L’exil est un ersatz de prison, moins violent certes, puisque les barreaux sont invisibles, le lit confortable, la nourriture suffisante et que cette situation permet d’échapper à l’enfermement, mais tout aussi éprouvant psychologiquement. 2019 verra-t-il le retour au bercail de certains de ces bannis célèbres ? On imagine très mal un Ben Ali rentrer d’Arabie saoudite, un Mengistu du Zimbabwe ou un Yahya Jammeh de Guinée équatoriale : ils savent qu’une arrestation immédiate les attend. Reclus au Qatar depuis plus de treize ans, le Mauritanien Ould Taya n’a pour l’instant aucun projet de rapatriement.

L’éphémère capitaine président Dadis Camara, réfugié au Burkina, a certes publiquement exprimé son mal du pays, la Guinée, où son retour est régulièrement annoncé, mais il faudrait pour cela que soient amnistiés les responsables présumés d’un massacre dont le procès ne s’est toujours pas ouvert – celui du 28 septembre 2009. Quant au Malien Toumani Touré, à qui rien n’est reproché, il ne semble guère pressé de quitter sa résidence dakaroise.

Les « fils de »

Au chapitre des relations entre les puissants et la justice, on nous permettra d’ajouter une note de bas de page : elle concerne les « fils de », hier héritiers, voire dauphins putatifs, désormais de plus en plus tenus à une douloureuse reddition des comptes après la chute de leur père. En Libye, Seif el-Islam et Saadi Kadhafi se morfondent en résidence étroitement surveillée.

En Égypte, Gamal et Alaa Moubarak sont en liberté conditionnelle entre deux séjours en prison. En Angola, José Filomeno dos Santos croupit depuis quatre mois dans une chambre de la ­prison-hôpital São-Paulo de Luanda. Au Qatar, enfin, Karim Wade semble saisi de vertige devant la probabilité de retrouver sa geôle de Rebeuss s’il retourne au Sénégal – et on peut le comprendre.

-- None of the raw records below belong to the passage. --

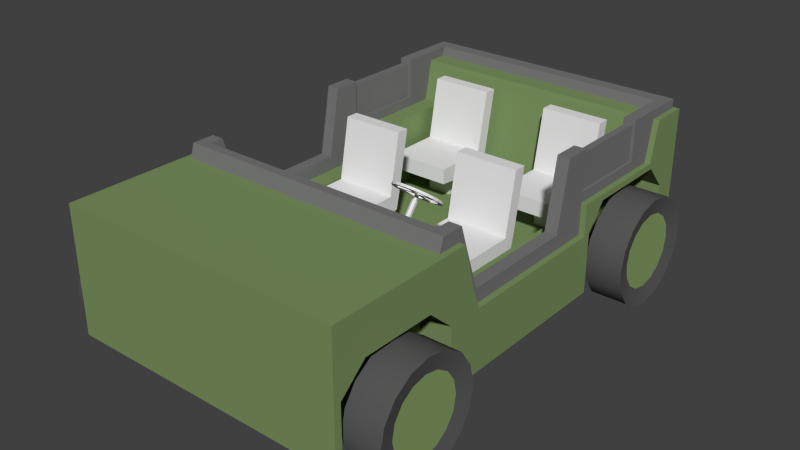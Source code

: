 # Source: jeep.blend  (saved by Blender 2.70.0; exported with 4.5.12 LTS)
import bpy
from mathutils import Matrix  # noqa: F401  (used for matrix-valued properties, if any)

bpy.ops.wm.read_factory_settings(use_empty=True)
scene = bpy.context.scene
scene.name = 'Scene'

# ---- collections
col_collection_1 = bpy.data.collections.new('Collection 1'); scene.collection.children.link(col_collection_1)

# ---- materials (node trees are filled in below, after node groups)
mat_material_004 = bpy.data.materials.new('Material.004')
mat_material_004.alpha_threshold = 0.0
mat_material_004.use_transparent_shadow = False
mat_material_004.diffuse_color = (0.0985, 0.0985, 0.0985, 1.0)
mat_material_004.roughness = 0.5
mat_material_004.line_color = (0.0, 0.0, 0.0, 1.0)
mat_material_005 = bpy.data.materials.new('Material.005')
mat_material_005.alpha_threshold = 0.0
mat_material_005.use_transparent_shadow = False
mat_material_005.diffuse_color = (0.2465, 0.3588, 0.1332, 1.0)
mat_material_005.roughness = 0.5
mat_material_005.line_color = (0.0, 0.0, 0.0, 1.0)
mat_material = bpy.data.materials.new('Material')
mat_material.alpha_threshold = 0.0
mat_material.use_transparent_shadow = False
mat_material.diffuse_color = (0.1981, 0.2883, 0.1153, 1.0)
mat_material.roughness = 0.5
mat_material.line_color = (0.0, 0.0, 0.0, 1.0)
mat_material_001 = bpy.data.materials.new('Material.001')
mat_material_001.alpha_threshold = 0.0
mat_material_001.use_transparent_shadow = False
mat_material_001.diffuse_color = (0.1845, 0.1845, 0.1845, 1.0)
mat_material_001.roughness = 0.5
mat_material_001.line_color = (0.0, 0.0, 0.0, 1.0)

# ---- material node trees

# ---- world
world_world = bpy.data.worlds.new('World'); scene.world = world_world
world_world.color = (0.05088, 0.05088, 0.05088)
world_world.use_sun_shadow = False
world_world.sun_shadow_jitter_overblur = 0.0
world_world.cycles.sampling_method = 'MANUAL'
world_world.cycles.sample_map_resolution = 256

# ---- meshes
me_cylinder_004 = bpy.data.meshes.new('Cylinder.004')
me_cylinder_004.from_pydata([], [], [])
me_cylinder_004.materials.append(mat_material_004)
me_cylinder_004.materials.append(mat_material_005)
me_cylinder_004.use_remesh_preserve_volume = False
me_cylinder_004.use_remesh_preserve_attributes = False
me_cylinder_004.use_mirror_vertex_groups = False
me_cylinder_004.update()
me_cylinder_006 = bpy.data.meshes.new('Cylinder.006')
me_cylinder_006.from_pydata([(0.1393, -5.13e-09, 0.4136), (-0.1393, -2.617e-08, 0.4136), (0.1393, -0.1583, 0.3821), (-0.1393, -0.1583, 0.3821), (0.1393, -0.2925, 0.2925), (-0.1393, -0.2925, 0.2925), (0.1393, -0.3821, 0.1583), (-0.1393, -0.3821, 0.1583), (0.1393, -0.4136, -5.557e-08), (-0.1393, -0.4136, 1.839e-08), (0.1393, -0.3821, -0.1583), (-0.1393, -0.3821, -0.1583), (0.1393, -0.2925, -0.2925), (-0.1393, -0.2925, -0.2925), (0.1393, -0.1583, -0.3821), (-0.1393, -0.1583, -0.3821), (0.1393, -6.759e-08, -0.4136), (-0.1393, -8.862e-08, -0.4136), (0.1393, 0.1583, -0.3821), (-0.1393, 0.1583, -0.3821), (0.1393, 0.2925, -0.2925), (-0.1393, 0.2925, -0.2925), (0.1393, 0.3821, -0.1583), (-0.1393, 0.3821, -0.1583), (0.1393, 0.4136, -3.091e-08), (-0.1393, 0.4136, 4.305e-08), (0.1393, 0.3821, 0.1583), (-0.1393, 0.3821, 0.1583), (0.1393, 0.2925, 0.2925), (-0.1393, 0.2925, 0.2925), (0.1393, 0.1583, 0.3821), (-0.1393, 0.1583, 0.3821), (0.1127, 1.452e-08, 0.284), (0.1127, -0.1087, 0.2624), (-0.1127, -0.1087, 0.2624), (-0.1127, -1.628e-08, 0.284), (0.1127, -0.2008, 0.2008), (-0.1127, -0.2008, 0.2008), (0.1127, -0.2624, 0.1087), (-0.1127, -0.2624, 0.1087), (0.1127, -0.284, -5.36e-08), (-0.1127, -0.284, 1.839e-08), (0.1127, -0.2624, -0.1087), (-0.1127, -0.2624, -0.1087), (0.1127, -0.2008, -0.2008), (-0.1127, -0.2008, -0.2008), (0.1127, -0.1087, -0.2624), (-0.1127, -0.1087, -0.2624), (0.1127, -4.4e-08, -0.284), (-0.1127, -4.822e-08, -0.284), (0.1127, 0.1087, -0.2624), (-0.1127, 0.1087, -0.2624), (0.1127, 0.2008, -0.2008), (-0.1127, 0.2008, -0.2008), (0.1127, 0.2624, -0.1087), (-0.1127, 0.2624, -0.1087), (0.1127, 0.284, -4.371e-08), (-0.1127, 0.284, 3.123e-08), (0.1127, 0.2624, 0.1087), (-0.1127, 0.2624, 0.1087), (0.1127, 0.2008, 0.2008), (-0.1127, 0.2008, 0.2008), (0.1127, 0.1087, 0.2624), (-0.1127, 0.1087, 0.2624)], [], [(0, 1, 3, 2), (2, 3, 5, 4), (4, 5, 7, 6), (6, 7, 9, 8), (8, 9, 11, 10), (10, 11, 13, 12), (12, 13, 15, 14), (14, 15, 17, 16), (16, 17, 19, 18), (18, 19, 21, 20), (20, 21, 23, 22), (22, 23, 25, 24), (24, 25, 27, 26), (26, 27, 29, 28), (34, 35, 63, 61, 59, 57, 55, 53, 51, 49, 47, 45, 43, 41, 39, 37), (30, 31, 1, 0), (28, 29, 31, 30), (32, 33, 36, 38, 40, 42, 44, 46, 48, 50, 52, 54, 56, 58, 60, 62), (33, 32, 0, 2), (35, 34, 3, 1), (36, 33, 2, 4), (34, 37, 5, 3), (38, 36, 4, 6), (37, 39, 7, 5), (40, 38, 6, 8), (39, 41, 9, 7), (42, 40, 8, 10), (41, 43, 11, 9), (44, 42, 10, 12), (43, 45, 13, 11), (46, 44, 12, 14), (45, 47, 15, 13), (48, 46, 14, 16), (47, 49, 17, 15), (50, 48, 16, 18), (49, 51, 19, 17), (52, 50, 18, 20), (51, 53, 21, 19), (54, 52, 20, 22), (53, 55, 23, 21), (56, 54, 22, 24), (55, 57, 25, 23), (58, 56, 24, 26), (57, 59, 27, 25), (60, 58, 26, 28), (59, 61, 29, 27), (62, 60, 28, 30), (61, 63, 31, 29), (32, 62, 30, 0), (63, 35, 1, 31)])
me_cylinder_006.polygons.foreach_set('use_smooth', [True] * 50)
me_cylinder_006.polygons.foreach_set('material_index', [0, 0, 0, 0, 0, 0, 0, 0, 0, 0, 0, 0, 0, 0, 1, 0, 0, 1, 0, 0, 0, 0, 0, 0, 0, 0, 0, 0, 0, 0, 0, 0, 0, 0, 0, 0, 0, 0, 0, 0, 0, 0, 0, 0, 0, 0, 0, 0, 0, 0])
_k = set([(32, 33), (32, 62), (33, 36), (34, 35), (34, 37), (35, 63), (36, 38), (37, 39), (38, 40), (39, 41), (40, 42), (41, 43), (42, 44), (43, 45), (44, 46), (45, 47), (46, 48), (47, 49), (48, 50), (49, 51), (50, 52), (51, 53), (52, 54), (53, 55), (54, 56), (55, 57), (56, 58), (57, 59), (58, 60), (59, 61), (60, 62), (61, 63)])
me_cylinder_006.attributes.new('sharp_edge', 'BOOLEAN', 'EDGE').data.foreach_set('value', [ (min(e.vertices), max(e.vertices)) in _k for e in me_cylinder_006.edges])
me_cylinder_006.materials.append(mat_material_004)
me_cylinder_006.materials.append(mat_material_005)
me_cylinder_006.use_remesh_preserve_volume = False
me_cylinder_006.use_remesh_preserve_attributes = False
me_cylinder_006.use_mirror_vertex_groups = False
me_cylinder_006.update()
me_cylinder_003 = bpy.data.meshes.new('Cylinder.003')
me_cylinder_003.from_pydata([], [], [])
me_cylinder_003.materials.append(mat_material_004)
me_cylinder_003.materials.append(mat_material_005)
me_cylinder_003.use_remesh_preserve_volume = False
me_cylinder_003.use_remesh_preserve_attributes = False
me_cylinder_003.use_mirror_vertex_groups = False
me_cylinder_003.update()
me_cylinder_007 = bpy.data.meshes.new('Cylinder.007')
me_cylinder_007.from_pydata([(0.1393, -5.13e-09, 0.4136), (-0.1393, -2.617e-08, 0.4136), (0.1393, -0.1583, 0.3821), (-0.1393, -0.1583, 0.3821), (0.1393, -0.2925, 0.2925), (-0.1393, -0.2925, 0.2925), (0.1393, -0.3821, 0.1583), (-0.1393, -0.3821, 0.1583), (0.1393, -0.4136, -5.557e-08), (-0.1393, -0.4136, 1.839e-08), (0.1393, -0.3821, -0.1583), (-0.1393, -0.3821, -0.1583), (0.1393, -0.2925, -0.2925), (-0.1393, -0.2925, -0.2925), (0.1393, -0.1583, -0.3821), (-0.1393, -0.1583, -0.3821), (0.1393, -6.759e-08, -0.4136), (-0.1393, -8.862e-08, -0.4136), (0.1393, 0.1583, -0.3821), (-0.1393, 0.1583, -0.3821), (0.1393, 0.2925, -0.2925), (-0.1393, 0.2925, -0.2925), (0.1393, 0.3821, -0.1583), (-0.1393, 0.3821, -0.1583), (0.1393, 0.4136, -3.091e-08), (-0.1393, 0.4136, 4.305e-08), (0.1393, 0.3821, 0.1583), (-0.1393, 0.3821, 0.1583), (0.1393, 0.2925, 0.2925), (-0.1393, 0.2925, 0.2925), (0.1393, 0.1583, 0.3821), (-0.1393, 0.1583, 0.3821), (0.1127, 1.452e-08, 0.284), (0.1127, -0.1087, 0.2624), (-0.1127, -0.1087, 0.2624), (-0.1127, -1.628e-08, 0.284), (0.1127, -0.2008, 0.2008), (-0.1127, -0.2008, 0.2008), (0.1127, -0.2624, 0.1087), (-0.1127, -0.2624, 0.1087), (0.1127, -0.284, -5.36e-08), (-0.1127, -0.284, 1.839e-08), (0.1127, -0.2624, -0.1087), (-0.1127, -0.2624, -0.1087), (0.1127, -0.2008, -0.2008), (-0.1127, -0.2008, -0.2008), (0.1127, -0.1087, -0.2624), (-0.1127, -0.1087, -0.2624), (0.1127, -4.4e-08, -0.284), (-0.1127, -4.822e-08, -0.284), (0.1127, 0.1087, -0.2624), (-0.1127, 0.1087, -0.2624), (0.1127, 0.2008, -0.2008), (-0.1127, 0.2008, -0.2008), (0.1127, 0.2624, -0.1087), (-0.1127, 0.2624, -0.1087), (0.1127, 0.284, -4.371e-08), (-0.1127, 0.284, 3.123e-08), (0.1127, 0.2624, 0.1087), (-0.1127, 0.2624, 0.1087), (0.1127, 0.2008, 0.2008), (-0.1127, 0.2008, 0.2008), (0.1127, 0.1087, 0.2624), (-0.1127, 0.1087, 0.2624)], [], [(0, 1, 3, 2), (2, 3, 5, 4), (4, 5, 7, 6), (6, 7, 9, 8), (8, 9, 11, 10), (10, 11, 13, 12), (12, 13, 15, 14), (14, 15, 17, 16), (16, 17, 19, 18), (18, 19, 21, 20), (20, 21, 23, 22), (22, 23, 25, 24), (24, 25, 27, 26), (26, 27, 29, 28), (34, 35, 63, 61, 59, 57, 55, 53, 51, 49, 47, 45, 43, 41, 39, 37), (30, 31, 1, 0), (28, 29, 31, 30), (32, 33, 36, 38, 40, 42, 44, 46, 48, 50, 52, 54, 56, 58, 60, 62), (33, 32, 0, 2), (35, 34, 3, 1), (36, 33, 2, 4), (34, 37, 5, 3), (38, 36, 4, 6), (37, 39, 7, 5), (40, 38, 6, 8), (39, 41, 9, 7), (42, 40, 8, 10), (41, 43, 11, 9), (44, 42, 10, 12), (43, 45, 13, 11), (46, 44, 12, 14), (45, 47, 15, 13), (48, 46, 14, 16), (47, 49, 17, 15), (50, 48, 16, 18), (49, 51, 19, 17), (52, 50, 18, 20), (51, 53, 21, 19), (54, 52, 20, 22), (53, 55, 23, 21), (56, 54, 22, 24), (55, 57, 25, 23), (58, 56, 24, 26), (57, 59, 27, 25), (60, 58, 26, 28), (59, 61, 29, 27), (62, 60, 28, 30), (61, 63, 31, 29), (32, 62, 30, 0), (63, 35, 1, 31)])
me_cylinder_007.polygons.foreach_set('use_smooth', [True] * 50)
me_cylinder_007.polygons.foreach_set('material_index', [0, 0, 0, 0, 0, 0, 0, 0, 0, 0, 0, 0, 0, 0, 1, 0, 0, 1, 0, 0, 0, 0, 0, 0, 0, 0, 0, 0, 0, 0, 0, 0, 0, 0, 0, 0, 0, 0, 0, 0, 0, 0, 0, 0, 0, 0, 0, 0, 0, 0])
_k = set([(32, 33), (32, 62), (33, 36), (34, 35), (34, 37), (35, 63), (36, 38), (37, 39), (38, 40), (39, 41), (40, 42), (41, 43), (42, 44), (43, 45), (44, 46), (45, 47), (46, 48), (47, 49), (48, 50), (49, 51), (50, 52), (51, 53), (52, 54), (53, 55), (54, 56), (55, 57), (56, 58), (57, 59), (58, 60), (59, 61), (60, 62), (61, 63)])
me_cylinder_007.attributes.new('sharp_edge', 'BOOLEAN', 'EDGE').data.foreach_set('value', [ (min(e.vertices), max(e.vertices)) in _k for e in me_cylinder_007.edges])
me_cylinder_007.materials.append(mat_material_004)
me_cylinder_007.materials.append(mat_material_005)
me_cylinder_007.use_remesh_preserve_volume = False
me_cylinder_007.use_remesh_preserve_attributes = False
me_cylinder_007.use_mirror_vertex_groups = False
me_cylinder_007.update()
me_cylinder_001 = bpy.data.meshes.new('Cylinder.001')
me_cylinder_001.from_pydata([], [], [])
me_cylinder_001.materials.append(mat_material_004)
me_cylinder_001.materials.append(mat_material_005)
me_cylinder_001.use_remesh_preserve_volume = False
me_cylinder_001.use_remesh_preserve_attributes = False
me_cylinder_001.use_mirror_vertex_groups = False
me_cylinder_001.update()
me_cylinder_002 = bpy.data.meshes.new('Cylinder.002')
me_cylinder_002.from_pydata([(0.1393, -5.13e-09, 0.4136), (-0.1393, -2.617e-08, 0.4136), (0.1393, -0.1583, 0.3821), (-0.1393, -0.1583, 0.3821), (0.1393, -0.2925, 0.2925), (-0.1393, -0.2925, 0.2925), (0.1393, -0.3821, 0.1583), (-0.1393, -0.3821, 0.1583), (0.1393, -0.4136, -5.557e-08), (-0.1393, -0.4136, 1.839e-08), (0.1393, -0.3821, -0.1583), (-0.1393, -0.3821, -0.1583), (0.1393, -0.2925, -0.2925), (-0.1393, -0.2925, -0.2925), (0.1393, -0.1583, -0.3821), (-0.1393, -0.1583, -0.3821), (0.1393, -6.759e-08, -0.4136), (-0.1393, -8.862e-08, -0.4136), (0.1393, 0.1583, -0.3821), (-0.1393, 0.1583, -0.3821), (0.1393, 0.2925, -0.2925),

Car même si tout s’y achète, à commencer par les conditions de détention, les prisons d’Afrique sont des sortes de boîtes noires que nul ne cherche à décrypter. Et pour les anonymes qui s’y entassent, celles et ceux qui n’ont pas la chance de porter un patronyme illustre, ces décharges humaines méritent encore hélas le nom que les Agnis de Côte d’Ivoire leur avaient donné à l’époque de la chicotte coloniale : « Bi Soua », « la maison des déchets ».